The need for sustained political support was cited repeatedly, a reminder of the turmoil NASA has experienced across the Bush and Obama administrations, including two major policy changes.
At the turn of the century, NASA was focused on building the International Space Station and planned to operate the space shuttle through 2020.
But on Feb. 1, 2003, the shuttle Columbia burned up during re-entry and the following January, President Bush ordered a change of course. NASA was told to finish the space station and retire the shuttle by the end of the decade and to focus instead on building new rockets and spacecraft for a return to the moon in the early 2020s.
A few years later, NASA endured another jarring change when the Obama administration cancelled the Constellation moon program, concluding it was too expensive and unsustainable. In its place, NASA was directed to build a new heavy lift rocket to boost the Constellation program's Orion crew capsule into deep space for flights to a nearby asteroid in the mid 2020s with an eventual flight to Mars in the mid 2030s.
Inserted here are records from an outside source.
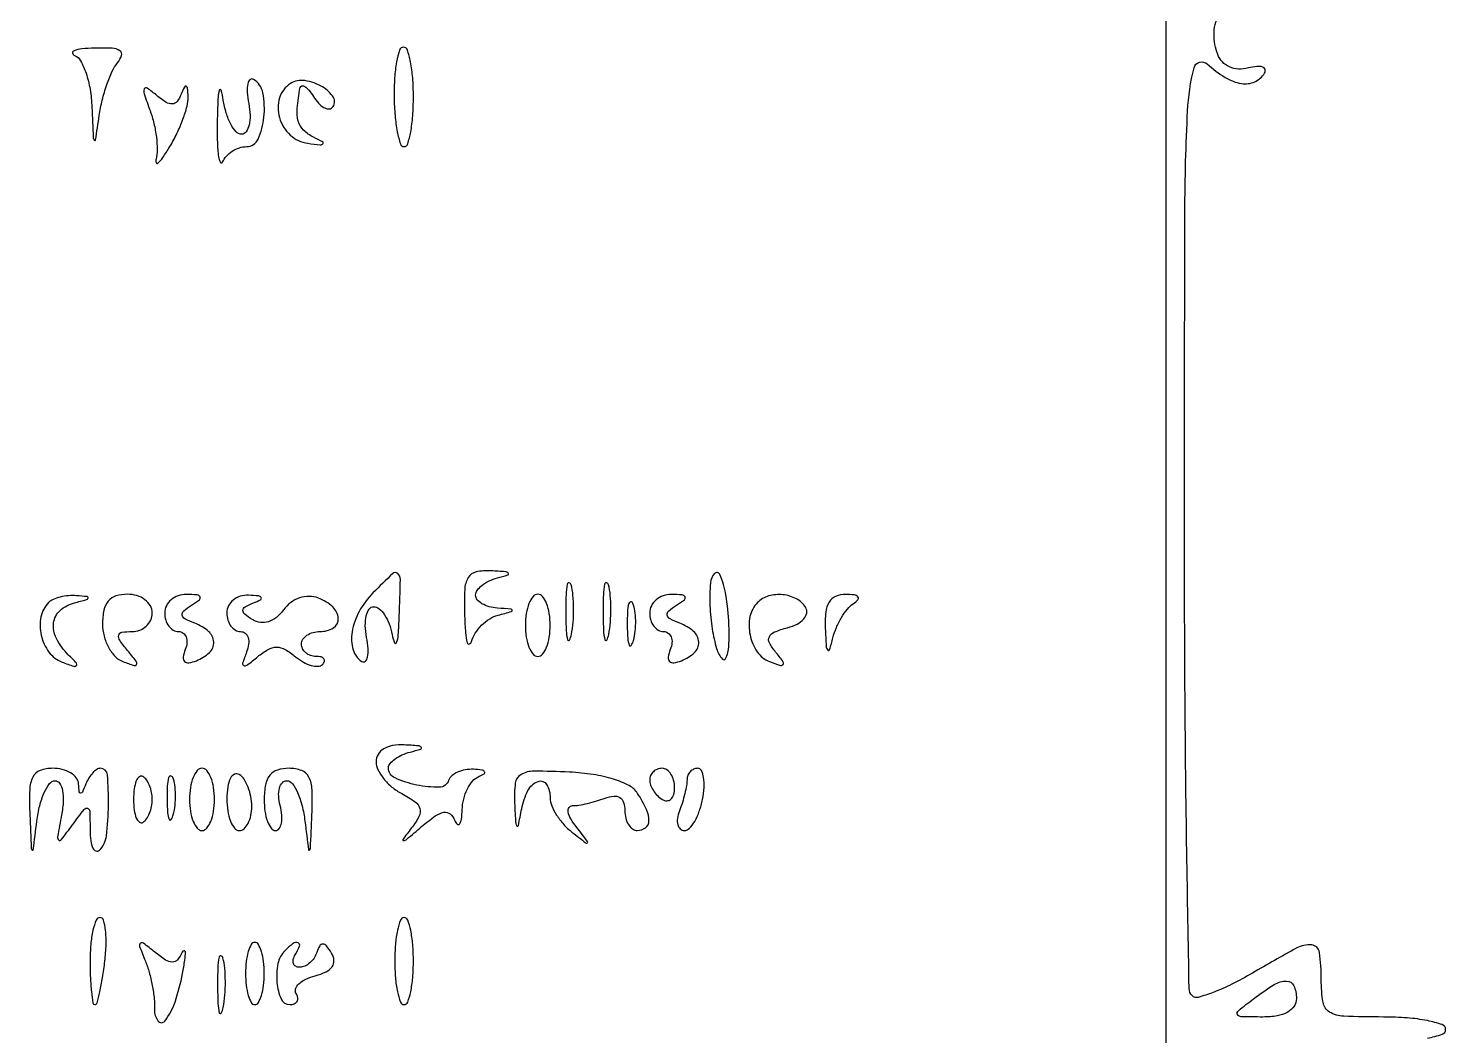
# Model space of a CAD drawing. Extents: x 0 to 905, y 0 to 640.
# Drawn here: x 791 to 905, y 319.5 to 400.5 of the extents above; entities that cross this region are included whole.
import ezdxf

# ---------------------------------------------------------------- set-up
doc = ezdxf.new("R2010")
doc.units = 0

msp = doc.modelspace()

# ---------------------------------------------------------------- linework, layer by layer
for points in [[(882.5, 352.5), (882.5, 87.5), (699.76385, 87.24732), (517.027699, 86.99464), (516.76385, 54.74732), (516.5, 22.5), (269.5, 22.5), (22.5, 22.5), (22.243959, 319, -0.00015), (22.179942, 432.778506, -0.000249), (22.20269, 528.770651, -0.000007), (22.267864, 615.689779, -0.090785), (22.463017, 616.751154, -0.310816), (23.53922, 617.495646, -0.00004), (108.995441, 617.701159, -0.000616), (229.087382, 617.832255, -0.000111), (452.719058, 617.751154), (882.5, 617.5)], [(794.75, 398.337719, -0.173568), (795.242031, 397.899832, -0.044041), (795.676826, 396.904413, -0.039589), (796.000653, 395.607333, -0.03118), (796.149832, 394.166667, 0.00088), (796.253251, 391.740541, 0.171355), (796.343704, 391.516536, 0.636356), (796.446407, 391.546719, 0.00158), (796.738317, 393.5, -0.024522), (796.982275, 394.740239, -0.022578), (797.351842, 395.985937, -0.023215), (797.783023, 397.065564, -0.066271), (798.21093, 397.75, 0.092007), (798.539554, 398.340838, 0.344686), (798.407278, 398.715047, 0.132222), (797.782256, 398.911295, 0.017201), (796.372445, 398.921053, 0.016745), (795.342272, 398.858171, 0.062757), (794.710968, 398.717133, 0.35372), (794.598742, 398.5323, 0.269499)], [(820.451277, 395.003171, 0.017651), (820.524095, 393.47089, 0.028584), (820.706, 392.179479, 0.028102), (820.954351, 391.219994, 0.325047), (821.25, 391.003171, 0.330219), (821.542965, 391.218424, 0.028446), (821.779688, 392.175932, 0.028738), (821.945882, 393.466909, 0.017644), (822, 395, 0.0188), (821.942329, 396.533245, 0.030484), (821.765375, 397.825, 0.03137), (821.512649, 398.775759, 0.322609), (821.201277, 399, 0.325488), (820.892694, 398.775317, 0.031664), (820.651491, 397.825932, 0.030617), (820.490255, 396.535232, 0.018815)], [(800.824565, 393.898881, -0.030979), (801.134518, 392.87033, -0.027073), (801.33197, 391.764046, -0.028024), (801.399922, 390.743046, -0.069156), (801.30454, 390, 0.152595), (801.315223, 389.712128, 0.534993), (801.461635, 389.675, 0.060543), (801.848781, 390.120246, 0.012384), (802.412686, 391, 0.024734), (802.989905, 392.067261, 0.02338), (803.470892, 393.20625, 0.024069), (803.800347, 394.253837, 0.071514), (803.885617, 395, 0.012507), (803.847608, 395.703011, 0.292101), (803.732461, 395.855296, 0.387975), (803.580719, 395.793771, 0.015957), (803.323807, 395.208262, -0.068326), (802.995802, 394.632744, -0.219583), (802.615028, 394.432551, -0.155723), (802.117444, 394.563445, -0.031643), (801.370901, 395.107143, 0.019676), (800.595809, 395.700512, 0.470833), (800.363722, 395.637265, 0.189709), (800.344738, 395.255549, 0.007341)], [(806.228779, 393, 0.009954), (806.235632, 391.351561, 0.027141), (806.326881, 390.189062, 0.099099), (806.481813, 389.736967, 0.623596), (806.662281, 389.75, -0.087674), (806.960859, 390.227909, -0.065245), (807.434649, 390.632812, -0.064399), (808.004061, 390.906632, -0.080074), (808.583333, 391, 0.295749), (809.507208, 391.598849, 0.07948), (809.982232, 393.370506, 0.073491), (809.89768, 395.318339, 0.209779), (809.144457, 396.410721, 0.332306), (808.865537, 396.386091, 0.162929), (808.678915, 396.058668, 0.068119), (808.638968, 395.382426, 0.027972), (808.761034, 394.469738, -0.039451), (808.865556, 393.52356, -0.06536), (808.785986, 392.725485, -0.095065), (808.547202, 392.190017, -0.245185), (808.182999, 392, -0.212532), (807.750367, 392.192596, -0.060863), (807.318954, 392.807813, -0.049679), (806.952691, 393.697064, -0.035286), (806.716254, 394.75, 0.033755), (806.541068, 395.541479, 0.754151), (806.393102, 395.540469, 0.058334), (806.27779, 394.80314, 0.005712)], [(812.118068, 396.07297, 0.183125), (811.234331, 394.922423, 0.144777), (811.226119, 393.341353, 0.135574), (812.092184, 391.934664, 0.156991), (813.511484, 391.269972, 0.006564), (814.514984, 391.155665, 0.23089), (814.730247, 391.235106, 0.494009), (814.707279, 391.382818, 0.011312), (813.978997, 391.758489, -0.07955), (813.16619, 392.329453, -0.134142), (812.745709, 393.042245, -0.090115), (812.656014, 394.076258, -0.022936), (812.890313, 395.75, -0.303503), (813.03013, 395.892961, -0.202679), (813.262688, 395.84757, -0.075509), (813.593353, 395.543555, -0.028186), (813.96094, 395.02896, 0.044429), (814.359454, 394.507686, 0.073916), (814.78792, 394.159984, 0.108439), (815.176294, 394.032091, 0.225585), (815.469793, 394.13646, 0.344687), (815.568673, 394.946067, 0.126811), (814.691482, 395.807242, 0.092406), (813.277284, 396.306894, 0.179106)], [(818.75, 355.106679, 0.069578), (817.638332, 353.61212, 0.085175), (817.073846, 351.967631, 0.107743), (817.151515, 350.52914, 0.189372), (817.855543, 349.589279, 0.332306), (818.134463, 349.613909, 0.162929), (818.321085, 349.941332, 0.068119), (818.361032, 350.617574, 0.027972), (818.238966, 351.530262, -0.039328), (818.134208, 352.476447, -0.065182), (818.213095, 353.274515, -0.094811), (818.450829, 353.810078, -0.24577), (818.813872, 354, -0.181787), (819.246501, 353.837331, -0.067491), (819.680636, 353.339063, -0.055579), (820.051248, 352.61109, -0.04242), (820.294267, 351.75, 0.046718), (820.481997, 351.106001, 0.684758), (820.648031, 351.107174, 0.074062), (820.78543, 351.736267, 0.00772), (820.863818, 353.25, 0.003715), (820.948812, 356.193312, 0.221392), (820.739685, 356.668847, 0.388204), (820.332301, 356.660752, 0.007969)], [(826.116001, 353.25, 0.011606), (826.188907, 351.904555, 0.047179), (826.328788, 351.097564, 0.425925), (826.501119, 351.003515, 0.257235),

At the same time, NASA was directed to fund the development of commercial spacecraft to ferry astronauts to and from the space station.
More recently, the Obama administration has called for an asteroid retrieval mission, using a robotic spacecraft to capture a small asteroid and tow it back to the vicinity of the moon where astronauts in Orion spacecraft could carry out a hands-on investigation. The Obama space policy bypasses the moon and views the International Space Station and the asteroid retrieval mission as stepping stones for eventual Mars exploration.
The NRC report does not favor any specific mission architecture, but it noted that the asteroid retrieval mission, or ARM, has failed to attract widespread support from the scientific community or the public and that international interest in a cooperative venture has not yet materialized.
"While this report's recommendation for adoption of a pathways approach is made without prejudice as to which particular pathway might be followed, it was, nevertheless, clear to the committee ... that a return to extended surface operations on the Moon would make significant contributions to a strategy ultimately aimed at landing people on Mars."
A return to the moon "is also likely to provide a broad array of opportunities for international and commercial cooperation."
The report also lamented current U.S. policy that forbids NASA from engaging in cooperative space ventures with China. An eventual human mission to Mars will require extensive international cooperation, the report said, on a scale that greatly exceeds that of the International Space Station project.
"It is evident that U.S. near-term goals for human exploration are not aligned with those of our traditional international partners," the report said. "While most major spacefaring nations and agencies are looking toward the Moon and, specifically, the lunar surface, U.S. plans are focused on redirection of an asteroid into a retrograde lunar orbit, where astronauts would conduct operations with it.
"It is also evident that given the rapid development of China's capabilities in space, it is in the best interests of the United States to be open to its inclusion in future international partnerships. In particular, current federal law preventing NASA from participating in bilateral activities with the Chinese serves only to hinder U.S. ability to bring China into its sphere of international partnerships and reduces substantially the potential international capability that might be pooled to reach Mars."
China aside, NASA said in a statement that it welcomed the NRC report, saying it "complements the agency's on-going approach."
"NASA has made significant progress on many key elements that will be needed to reach Mars, and we continue on this path in collaboration with industry and other nations," the statement said. "We intend to thoroughly review the report and all of its recommendations."